La province ecclésiastique de Malines (groupe flamando-brabançon) – élevée en archevêché et supérieure aux deux autres provinces – sera flamande et brabançonne. Elle comprend les six diocèses de Gand, Bruges, Ypres, Anvers, Bois-le-Duc et Ruremonde. Ce choix témoigne de l’importance que les Habsbourg continuent à témoigner à Malines.
Enfin, est érigée une province ecclésiastique de Cambrai (groupe gallo-wallon), où les nouveaux diocèses de Namur et de Saint-Omer prennent place à côté de Cambrai, Boulogne (1567 !), Tournai et Arras. Ces deux derniers sont fortement démembrés par rapport à la situation antérieure et la Thérouanne a disparu. À l’évêque de Cambrai est conféré le titre d’archevêque.
La partie luxembourgeoise des Pays-Bas fait exception à l’homogénéisation apportée par cette réforme. Elle resta partagée entre trois métropoles et six diocèses jusqu’à la fin de l’Ancien régime (Trèves, Cologne, Reims, Liège, Metz et Verdun) malgré plusieurs projets de réforme.

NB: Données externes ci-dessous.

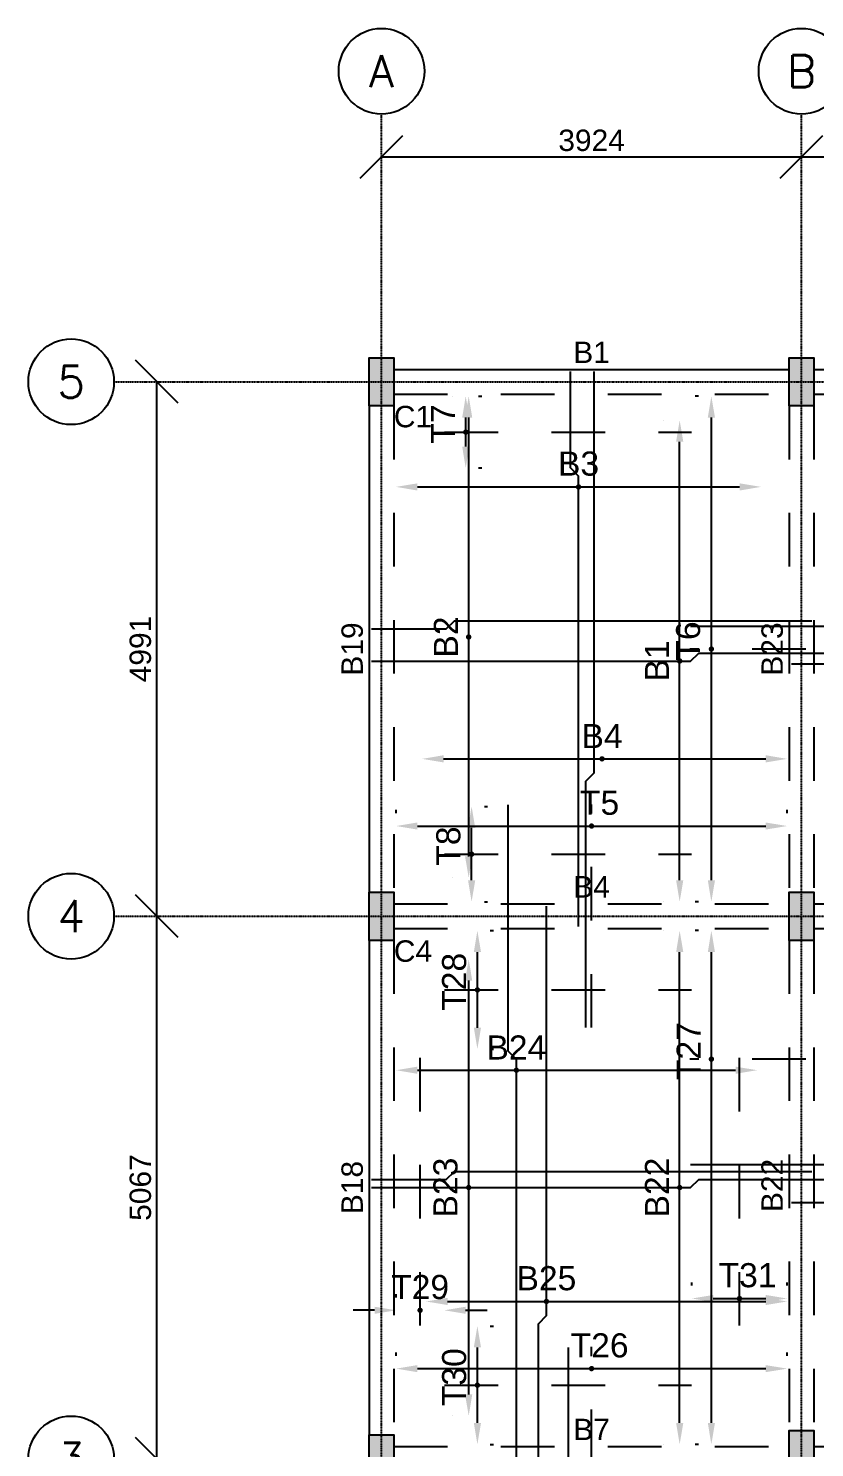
# Model space of a CAD drawing. Header units: inches. Extents: x -816171 to 9366335, y -450961 to 689132.
# Drawn here: x 6928136 to 6935482, y 270233 to 283486 of the extents above; entities that cross this region are included whole.
import ezdxf
from ezdxf.enums import TextEntityAlignment as Align

# ---------------------------------------------------------------- set-up
doc = ezdxf.new("R2010")
doc.units = ezdxf.units.IN
doc.header["$MEASUREMENT"] = 0
doc.linetypes.add('SCCenter', pattern=[1.2, 0.5, -0.3, 0.1, -0.3])
doc.linetypes.add('SCHidden', pattern=[1000, 500, -500])
for name, color, linetype in [('Beam', 3, 'Continuous'), ('Beam Nos', 7, 'Continuous'), ('Column', 2, 'Continuous'), ('Column Nos', 7, 'Continuous'), ('Dimension', 31, 'Continuous'), ('Grid Line', 8, 'Continuous'), ('Reinforcement', 130, 'Continuous')]:
    doc.layers.add(name, color=color, linetype=linetype)
doc.styles.add('SC-BBS1', font='SansSerif')
doc.styles.add('SC-BBS2', font='SansSerif')
doc.styles.add('SC-SansSerif', font='SansSerif')
doc.styles.get("Standard").update_dxf_attribs({"font": 'txt.shx'})
doc.dimstyles.new('SCBBSDimStyl', dxfattribs={"dimtxt": 225, "dimasz": 200, "dimexe": 150, "dimexo": 150, "dimgap": 100, "dimtad": 1, "dimtoh": 1, "dimdec": 0, "dimzin": 0, "dimdsep": 46, "dimtxsty": 'SC-SansSerif', "dimcen": 0.09, "dimclrd": 8, "dimclre": 8, "dimclrt": 31, "dimadec": 0, "dimazin": 0, "dimtfac": 1, "dimtdec": 0, "dimtix": 1, "dimtofl": 0, "dimtmove": 0, "dimatfit": 3, "dimfxl": 1, "dimtolj": 1, "dimtzin": 0, "dimarcsym": 0})
doc.dimstyles.new('SCGridlineDim', dxfattribs={"dimtxt": 200, "dimasz": 0.18, "dimexe": 75, "dimexo": 75, "dimgap": 50, "dimtad": 1, "dimtoh": 1, "dimdec": 0, "dimzin": 0, "dimdsep": 46, "dimtxsty": 'SC-BBS2', "dimtsz": 200, "dimcen": 0.09, "dimclrd": 8, "dimclre": 8, "dimclrt": 31, "dimadec": 0, "dimazin": 0, "dimtfac": 1, "dimtdec": 0, "dimtix": 1, "dimtofl": 0, "dimtmove": 0, "dimatfit": 3, "dimfxl": 1, "dimtolj": 1, "dimtzin": 0, "dimarcsym": 0})

# ---------------------------------------------------------------- blocks, each defined once
blk = doc.blocks.new('*D2688')
at = {"layer": 'DEFPOINTS', "color": 0, "transparency": 16777216}
for p in [(6929336, 270128), (6929336, 270128), (6929336, 265632)]:
    blk.add_point(p, dxfattribs=at)
at = {"layer": 'Grid Line', "color": 8, "lineweight": -2, "transparency": 16777216}
for p, q in [((6929536, 269928), (6929136, 270328)), ((6929336, 265632), (6929336, 270128)), ((6929536, 265432), (6929136, 265832))]:
    blk.add_line(p, q, dxfattribs=at)
at = {"layer": 'Grid Line', "color": 31, "transparency": 16777216, "insert": (6929183, 267880), "char_height": 200, "attachment_point": 5, "rotation": 90, "style": 'SC-BBS2'}
blk.add_mtext('\\A1;4496', dxfattribs=at)
blk = doc.blocks.new('*D2689')
at = {"layer": 'DEFPOINTS', "color": 0, "transparency": 16777216}
for p in [(6929336, 275195), (6929336, 275195), (6929336, 270128)]:
    blk.add_point(p, dxfattribs=at)
at = {"layer": 'Grid Line', "color": 8, "lineweight": -2, "transparency": 16777216}
for p, q in [((6929536, 274995), (6929136, 275395)), ((6929336, 270128), (6929336, 275195)), ((6929536, 269928), (6929136, 270328))]:
    blk.add_line(p, q, dxfattribs=at)
at = {"layer": 'Grid Line', "color": 31, "transparency": 16777216, "insert": (6929183, 272661), "char_height": 200, "attachment_point": 5, "rotation": 90, "style": 'SC-BBS2'}
blk.add_mtext('\\A1;5067', dxfattribs=at)
blk = doc.blocks.new('*D2690')
at = {"layer": 'DEFPOINTS', "color": 0, "transparency": 16777216}
for p in [(6929336, 280186), (6929336, 280186), (6929336, 275195)]:
    blk.add_point(p, dxfattribs=at)
at = {"layer": 'Grid Line', "color": 8, "lineweight": -2, "transparency": 16777216}
for p, q in [((6929536, 279986), (6929136, 280386)), ((6929336, 275195), (6929336, 280186)), ((6929536, 274995), (6929136, 275395))]:
    blk.add_line(p, q, dxfattribs=at)
at = {"layer": 'Grid Line', "color": 31, "transparency": 16777216, "insert": (6929183, 277690), "char_height": 200, "attachment_point": 5, "rotation": 90, "style": 'SC-BBS2'}
blk.add_mtext('\\A1;4991', dxfattribs=at)
blk = doc.blocks.new('*D2691')
at = {"layer": 'DEFPOINTS', "color": 0, "transparency": 16777216}
for p in [(6931436, 282286), (6935360, 282286), (6935360, 282286)]:
    blk.add_point(p, dxfattribs=at)
at = {"layer": 'Grid Line', "color": 8, "lineweight": -2, "transparency": 16777216}
for p, q in [((6931236, 282086), (6931636, 282486)), ((6935160, 282086), (6935560, 282486)), ((6931436, 282286), (6935360, 282286))]:
    blk.add_line(p, q, dxfattribs=at)
at = {"layer": 'Grid Line', "color": 31, "transparency": 16777216, "insert": (6933398, 282439), "char_height": 200, "attachment_point": 5, "style": 'SC-BBS2'}
blk.add_mtext('\\A1;3924', dxfattribs=at)
blk = doc.blocks.new('*D2692')
at = {"layer": 'DEFPOINTS', "color": 0, "transparency": 16777216}
for p in [(6935360, 282286), (6939285, 282286), (6939285, 282286)]:
    blk.add_point(p, dxfattribs=at)
at = {"layer": 'Grid Line', "color": 8, "lineweight": -2, "transparency": 16777216}
for p, q in [((6935160, 282086), (6935560, 282486)), ((6939085, 282086), (6939485, 282486)), ((6935360, 282286), (6939285, 282286))]:
    blk.add_line(p, q, dxfattribs=at)
at = {"layer": 'Grid Line', "color": 31, "transparency": 16777216, "insert": (6937322, 282439), "char_height": 200, "attachment_point": 5, "style": 'SC-BBS2'}
blk.add_mtext('\\A1;3925', dxfattribs=at)
blk = doc.blocks.new('*D2694')
at = {"layer": 'DEFPOINTS', "color": 0, "transparency": 16777216}
for p in [(6934221, 279826), (6934221, 279826), (6934221, 275330)]:
    blk.add_point(p, dxfattribs=at)
at = {"layer": 'Dimension', "color": 8, "lineweight": -2, "transparency": 16777216}
for p, q in [((6934071, 279826), (6934071, 279826)), ((6934221, 275530), (6934221, 279626)), ((6934071, 275330), (6934071, 275330))]:
    blk.add_line(p, q, dxfattribs=at)
at = {"layer": 'Dimension', "color": 8, "transparency": 16777216}
for points in [[(6934188, 279626), (6934255, 279626), (6934221, 279826)], [(6934188, 275530), (6934255, 275530), (6934221, 275330)]]:
    blk.add_solid(points, dxfattribs=at)
at = {"layer": 'Dimension', "color": 31, "transparency": 16777216, "insert": (6934009, 277578), "char_height": 225, "attachment_point": 5, "rotation": 90, "style": 'SC-SansSerif'}
blk.add_mtext('\\A1;B1', dxfattribs=at)
blk = doc.blocks.new('*D2695')
at = {"layer": 'DEFPOINTS', "color": 0, "transparency": 16777216}
for p in [(6932250, 280051), (6932250, 280051), (6932250, 275554)]:
    blk.add_point(p, dxfattribs=at)
at = {"layer": 'Dimension', "color": 8, "lineweight": -2, "transparency": 16777216}
for p, q in [((6932100, 280051), (6932100, 280051)), ((6932250, 275754), (6932250, 279851)), ((6932100, 275554), (6932100, 275554))]:
    blk.add_line(p, q, dxfattribs=at)
at = {"layer": 'Dimension', "color": 8, "transparency": 16777216}
for points in [[(6932216, 279851), (6932283, 279851), (6932250, 280051)], [(6932216, 275754), (6932283, 275754), (6932250, 275554)]]:
    blk.add_solid(points, dxfattribs=at)
at = {"layer": 'Dimension', "color": 31, "transparency": 16777216, "insert": (6932037, 277802), "char_height": 225, "attachment_point": 5, "rotation": 90, "style": 'SC-SansSerif'}
blk.add_mtext('\\A1;B2', dxfattribs=at)
blk = doc.blocks.new('*D2696')
at = {"layer": 'DEFPOINTS', "color": 0, "transparency": 16777216}
for p in [(6931571, 279204), (6934981, 279204), (6934981, 279204)]:
    blk.add_point(p, dxfattribs=at)
at = {"layer": 'Dimension', "color": 8, "lineweight": -2, "transparency": 16777216}
blk.add_line((6931771, 279204), (6934781, 279204), dxfattribs=at)
at = {"layer": 'Dimension', "color": 8, "transparency": 16777216}
for points in [[(6931771, 279237), (6931771, 279170), (6931571, 279204)], [(6934781, 279237), (6934781, 279170), (6934981, 279204)]]:
    blk.add_solid(points, dxfattribs=at)
at = {"layer": 'Dimension', "color": 31, "transparency": 16777216, "insert": (6933276, 279420), "char_height": 225, "attachment_point": 5, "style": 'SC-SansSerif'}
blk.add_mtext('\\A1;B3', dxfattribs=at)
blk = doc.blocks.new('*D2697')
at = {"layer": 'DEFPOINTS', "color": 0, "transparency": 16777216}
for p in [(6931815, 276664), (6935225, 276664), (6935225, 276664)]:
    blk.add_point(p, dxfattribs=at)
at = {"layer": 'Dimension', "color": 8, "lineweight": -2, "transparency": 16777216}
blk.add_line((6932015, 276664), (6935025, 276664), dxfattribs=at)
at = {"layer": 'Dimension', "color": 8, "transparency": 16777216}
for points in [[(6932015, 276698), (6932015, 276631), (6931815, 276664)], [(6935025, 276698), (6935025, 276631), (6935225, 276664)]]:
    blk.add_solid(points, dxfattribs=at)
at = {"layer": 'Dimension', "color": 31, "transparency": 16777216, "insert": (6933496, 276877), "char_height": 225, "attachment_point": 5, "style": 'SC-SansSerif'}
blk.add_mtext('\\A1;B4', dxfattribs=at)
blk = doc.blocks.new('*D2706')
at = {"layer": 'DEFPOINTS', "color": 0, "transparency": 16777216}
for p in [(6934221, 275060), (6934221, 275060), (6934221, 270263)]:
    blk.add_point(p, dxfattribs=at)
at = {"layer": 'Dimension', "color": 8, "lineweight": -2, "transparency": 16777216}
for p, q in [((6934071, 275060), (6934071, 275060)), ((6934221, 270463), (6934221, 274860)), ((6934071, 270263), (6934071, 270263))]:
    blk.add_line(p, q, dxfattribs=at)
at = {"layer": 'Dimension', "color": 8, "transparency": 16777216}
for points in [[(6934188, 274860), (6934255, 274860), (6934221, 275060)], [(6934188, 270463), (6934255, 270463), (6934221, 270263)]]:
    blk.add_solid(points, dxfattribs=at)
at = {"layer": 'Dimension', "color": 31, "transparency": 16777216, "insert": (6934009, 272661), "char_height": 225, "attachment_point": 5, "rotation": 90, "style": 'SC-SansSerif'}
blk.add_mtext('\\A1;B22', dxfattribs=at)
blk = doc.blocks.new('*D2707')
at = {"layer": 'DEFPOINTS', "color": 0, "transparency": 16777216}
for p in [(6932250, 274793), (6932250, 274793), (6932250, 270529)]:
    blk.add_point(p, dxfattribs=at)
at = {"layer": 'Dimension', "color": 8, "lineweight": -2, "transparency": 16777216}
for p, q in [((6932100, 274793), (6932100, 274793)), ((6932250, 270729), (6932250, 274593)), ((6932100, 270529), (6932100, 270529))]:
    blk.add_line(p, q, dxfattribs=at)
at = {"layer": 'Dimension', "color": 8, "transparency": 16777216}
for points in [[(6932216, 274593), (6932283, 274593), (6932250, 274793)], [(6932216, 270729), (6932283, 270729), (6932250, 270529)]]:
    blk.add_solid(points, dxfattribs=at)
at = {"layer": 'Dimension', "color": 31, "transparency": 16777216, "insert": (6932034, 272661), "char_height": 225, "attachment_point": 5, "rotation": 90, "style": 'SC-SansSerif'}
blk.add_mtext('\\A1;B23', dxfattribs=at)
blk = doc.blocks.new('*D2708')
at = {"layer": 'DEFPOINTS', "color": 0, "transparency": 16777216}
for p in [(6931571, 273757), (6934944, 273757), (6934944, 273757)]:
    blk.add_point(p, dxfattribs=at)
at = {"layer": 'Dimension', "color": 8, "lineweight": -2, "transparency": 16777216}
blk.add_line((6931771, 273757), (6934744, 273757), dxfattribs=at)
at = {"layer": 'Dimension', "color": 8, "transparency": 16777216}
for points in [[(6931771, 273790), (6931771, 273723), (6931571, 273757)], [(6934744, 273790), (6934744, 273723), (6934944, 273757)]]:
    blk.add_solid(points, dxfattribs=at)
at = {"layer": 'Dimension', "color": 31, "transparency": 16777216, "insert": (6932695, 273969), "char_height": 225, "attachment_point": 5, "style": 'SC-SansSerif'}
blk.add_mtext('\\A1;B24', dxfattribs=at)
blk = doc.blocks.new('*D2709')
at = {"layer": 'DEFPOINTS', "color": 0, "transparency": 16777216}
for p in [(6931852, 271597), (6935225, 271597), (6935225, 271597)]:
    blk.add_point(p, dxfattribs=at)
at = {"layer": 'Dimension', "color": 8, "lineweight": -2, "transparency": 16777216}
blk.add_line((6932052, 271597), (6935025, 271597), dxfattribs=at)
at = {"layer": 'Dimension', "color": 8, "transparency": 16777216}
for points in [[(6932052, 271631), (6932052, 271564), (6931852, 271597)], [(6935025, 271631), (6935025, 271564), (6935225, 271597)]]:
    blk.add_solid(points, dxfattribs=at)
at = {"layer": 'Dimension', "color": 31, "transparency": 16777216, "insert": (6932976, 271813), "char_height": 225, "attachment_point": 5, "style": 'SC-SansSerif'}
blk.add_mtext('\\A1;B25', dxfattribs=at)
blk = doc.blocks.new('*D2683')
at = {"layer": 'DEFPOINTS', "color": 0, "transparency": 16777216}
for p in [(6931571, 276007), (6935225, 276037), (6935225, 276007)]:
    blk.add_point(p, dxfattribs=at)
at = {"layer": 'Dimension', "color": 8, "lineweight": -2, "transparency": 16777216}
for p, q in [((6931571, 276157), (6931571, 276187)), ((6935225, 276157), (6935225, 276187)), ((6931771, 276037), (6935025, 276037))]:
    blk.add_line(p, q, dxfattribs=at)
at = {"layer": 'Dimension', "color": 8, "transparency": 16777216}
for points in [[(6931771, 276070), (6931771, 276004), (6931571, 276037)], [(6935025, 276070), (6935025, 276004), (6935225, 276037)]]:
    blk.add_solid(points, dxfattribs=at)
at = {"layer": 'Dimension', "color": 31, "transparency": 16777216, "insert": (6933473, 276253), "char_height": 225, "attachment_point": 5, "style": 'SC-SansSerif'}
blk.add_mtext('\\A1;T5', dxfattribs=at)
blk = doc.blocks.new('*D2684')
at = {"layer": 'DEFPOINTS', "color": 0, "transparency": 16777216}
for p in [(6934517, 280051), (6934547, 280051), (6934547, 275330)]:
    blk.add_point(p, dxfattribs=at)
at = {"layer": 'Dimension', "color": 8, "lineweight": -2, "transparency": 16777216}
for p, q in [((6934397, 280051), (6934367, 280051)), ((6934517, 275530), (6934517, 279851)), ((6934397, 275330), (6934367, 275330))]:
    blk.add_line(p, q, dxfattribs=at)
at = {"layer": 'Dimension', "color": 8, "transparency": 16777216}
for points in [[(6934484, 279851), (6934551, 279851), (6934517, 280051)], [(6934484, 275530), (6934551, 275530), (6934517, 275330)]]:
    blk.add_solid(points, dxfattribs=at)
at = {"layer": 'Dimension', "color": 31, "transparency": 16777216, "insert": (6934301, 277765), "char_height": 225, "attachment_point": 5, "rotation": 90, "style": 'SC-SansSerif'}
blk.add_mtext('\\A1;T6', dxfattribs=at)
blk = doc.blocks.new('*D2723')
at = {"layer": 'DEFPOINTS', "color": 0, "transparency": 16777216}
for p in [(6931571, 270940), (6935225, 270970), (6935225, 270940)]:
    blk.add_point(p, dxfattribs=at)
at = {"layer": 'Dimension', "color": 8, "lineweight": -2, "transparency": 16777216}
for p, q in [((6931571, 271090), (6931571, 271120)), ((6935225, 271090), (6935225, 271120)), ((6931771, 270970), (6935025, 270970))]:
    blk.add_line(p, q, dxfattribs=at)
at = {"layer": 'Dimension', "color": 8, "transparency": 16777216}
for points in [[(6931771, 271003), (6931771, 270937), (6931571, 270970)], [(6935025, 271003), (6935025, 270937), (6935225, 270970)]]:
    blk.add_solid(points, dxfattribs=at)
at = {"layer": 'Dimension', "color": 31, "transparency": 16777216, "insert": (6933473, 271186), "char_height": 225, "attachment_point": 5, "style": 'SC-SansSerif'}
blk.add_mtext('\\A1;T26', dxfattribs=at)
blk = doc.blocks.new('*D2724')
at = {"layer": 'DEFPOINTS', "color": 0, "transparency": 16777216}
for p in [(6934517, 275060), (6934547, 275060), (6934547, 270263)]:
    blk.add_point(p, dxfattribs=at)
at = {"layer": 'Dimension', "color": 8, "lineweight": -2, "transparency": 16777216}
for p, q in [((6934397, 275060), (6934367, 275060)), ((6934517, 270463), (6934517, 274860)), ((6934397, 270263), (6934367, 270263))]:
    blk.add_line(p, q, dxfattribs=at)
at = {"layer": 'Dimension', "color": 8, "transparency": 16777216}
for points in [[(6934484, 274860), (6934551, 274860), (6934517, 275060)], [(6934484, 270463), (6934551, 270463), (6934517, 270263)]]:
    blk.add_solid(points, dxfattribs=at)
at = {"layer": 'Dimension', "color": 31, "transparency": 16777216, "insert": (6934305, 273935), "char_height": 225, "attachment_point": 5, "rotation": 90, "style": 'SC-SansSerif'}
blk.add_mtext('\\A1;T27', dxfattribs=at)
blk = doc.blocks.new('*D2734')
at = {"layer": 'DEFPOINTS', "color": 0, "transparency": 16777216}
for p in [(6932192, 280051), (6932222, 280051), (6932192, 279381)]:
    blk.add_point(p, dxfattribs=at)
at = {"layer": 'Dimension', "color": 8, "lineweight": -2, "transparency": 16777216}
for p, q in [((6932342, 280051), (6932372, 280051)), ((6932222, 279581), (6932222, 279851)), ((6932342, 279381), (6932372, 279381))]:
    blk.add_line(p, q, dxfattribs=at)
at = {"layer": 'Dimension', "color": 8, "transparency": 16777216}
for points in [[(6932189, 279851), (6932256, 279851), (6932222, 280051)], [(6932189, 279581), (6932256, 279581), (6932222, 279381)]]:
    blk.add_solid(points, dxfattribs=at)
at = {"layer": 'Dimension', "color": 31, "transparency": 16777216, "insert": (6932010, 279791), "char_height": 225, "attachment_point": 5, "rotation": 90, "style": 'SC-SansSerif'}
blk.add_mtext('\\A1;T7', dxfattribs=at)
blk = doc.blocks.new('*D2735')
at = {"layer": 'DEFPOINTS', "color": 0, "transparency": 16777216}
for p in [(6932247, 276220), (6932277, 276220), (6932247, 275330)]:
    blk.add_point(p, dxfattribs=at)
at = {"layer": 'Dimension', "color": 8, "lineweight": -2, "transparency": 16777216}
for p, q in [((6932397, 276220), (6932427, 276220)), ((6932277, 275530), (6932277, 276020)), ((6932397, 275330), (6932427, 275330))]:
    blk.add_line(p, q, dxfattribs=at)
at = {"layer": 'Dimension', "color": 8, "transparency": 16777216}
for points in [[(6932244, 276020), (6932311, 276020), (6932277, 276220)], [(6932244, 275530), (6932311, 275530), (6932277, 275330)]]:
    blk.add_solid(points, dxfattribs=at)
at = {"layer": 'Dimension', "color": 31, "transparency": 16777216, "insert": (6932061, 275850), "char_height": 225, "attachment_point": 5, "rotation": 90, "style": 'SC-SansSerif'}
blk.add_mtext('\\A1;T8', dxfattribs=at)
blk = doc.blocks.new('*D2739')
at = {"layer": 'DEFPOINTS', "color": 0, "transparency": 16777216}
for p in [(6932301, 275060), (6932331, 275060), (6932301, 273954)]:
    blk.add_point(p, dxfattribs=at)
at = {"layer": 'Dimension', "color": 8, "lineweight": -2, "transparency": 16777216}
for p, q in [((6932451, 275060), (6932481, 275060)), ((6932331, 274154), (6932331, 274860)), ((6932451, 273954), (6932481, 273954))]:
    blk.add_line(p, q, dxfattribs=at)
at = {"layer": 'Dimension', "color": 8, "transparency": 16777216}
for points in [[(6932298, 274860), (6932365, 274860), (6932331, 275060)], [(6932298, 274154), (6932365, 274154), (6932331, 273954)]]:
    blk.add_solid(points, dxfattribs=at)
at = {"layer": 'Dimension', "color": 31, "transparency": 16777216, "insert": (6932115, 274582), "char_height": 225, "attachment_point": 5, "rotation": 90, "style": 'SC-SansSerif'}
blk.add_mtext('\\A1;T28', dxfattribs=at)
blk = doc.blocks.new('*D2740')
at = {"layer": 'DEFPOINTS', "color": 0, "transparency": 16777216}
for p in [(6931571, 271485), (6932021, 271515), (6932021, 271485)]:
    blk.add_point(p, dxfattribs=at)
at = {"layer": 'Dimension', "color": 8, "lineweight": -2, "transparency": 16777216}
for p, q in [((6931571, 271635), (6931571, 271665)), ((6932021, 271635), (6932021, 271665)), ((6931371, 271515), (6931171, 271515)), ((6932221, 271515), (6932421, 271515))]:
    blk.add_line(p, q, dxfattribs=at)
at = {"layer": 'Dimension', "color": 8, "transparency": 16777216}
for points in [[(6931371, 271548), (6931371, 271482), (6931571, 271515)], [(6932221, 271548), (6932221, 271482), (6932021, 271515)]]:
    blk.add_solid(points, dxfattribs=at)
at = {"layer": 'Dimension', "color": 31, "transparency": 16777216, "insert": (6931796, 271731), "char_height": 225, "attachment_point": 5, "style": 'SC-SansSerif'}
blk.add_mtext('\\A1;T29', dxfattribs=at)
blk = doc.blocks.new('*D2741')
at = {"layer": 'DEFPOINTS', "color": 0, "transparency": 16777216}
for p in [(6932301, 271368), (6932331, 271368), (6932301, 270263)]:
    blk.add_point(p, dxfattribs=at)
at = {"layer": 'Dimension', "color": 8, "lineweight": -2, "transparency": 16777216}
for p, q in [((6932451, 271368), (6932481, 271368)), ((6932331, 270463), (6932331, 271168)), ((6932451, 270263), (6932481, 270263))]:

Quant au diocèse de Liège, il est la principale « victime » de cette réforme habsbourgeoise. Il est en effet fortement amputé de contrées espagnoles au profit des diocèses de Malines, Anvers (archidiaconé de Campine), Bois-le-Duc, Middelbourg et Namur. Le diocèse de Liège perd aussi l’université de Louvain et, en raison du développement d’une université à Douai, aucun projet ne se concrétisera en pays mosan. Se sentant lésés par l’érection des nouveaux diocèses, Cologne et Liège introduisirent des recours auprès du pape et de l’empereur. En vain.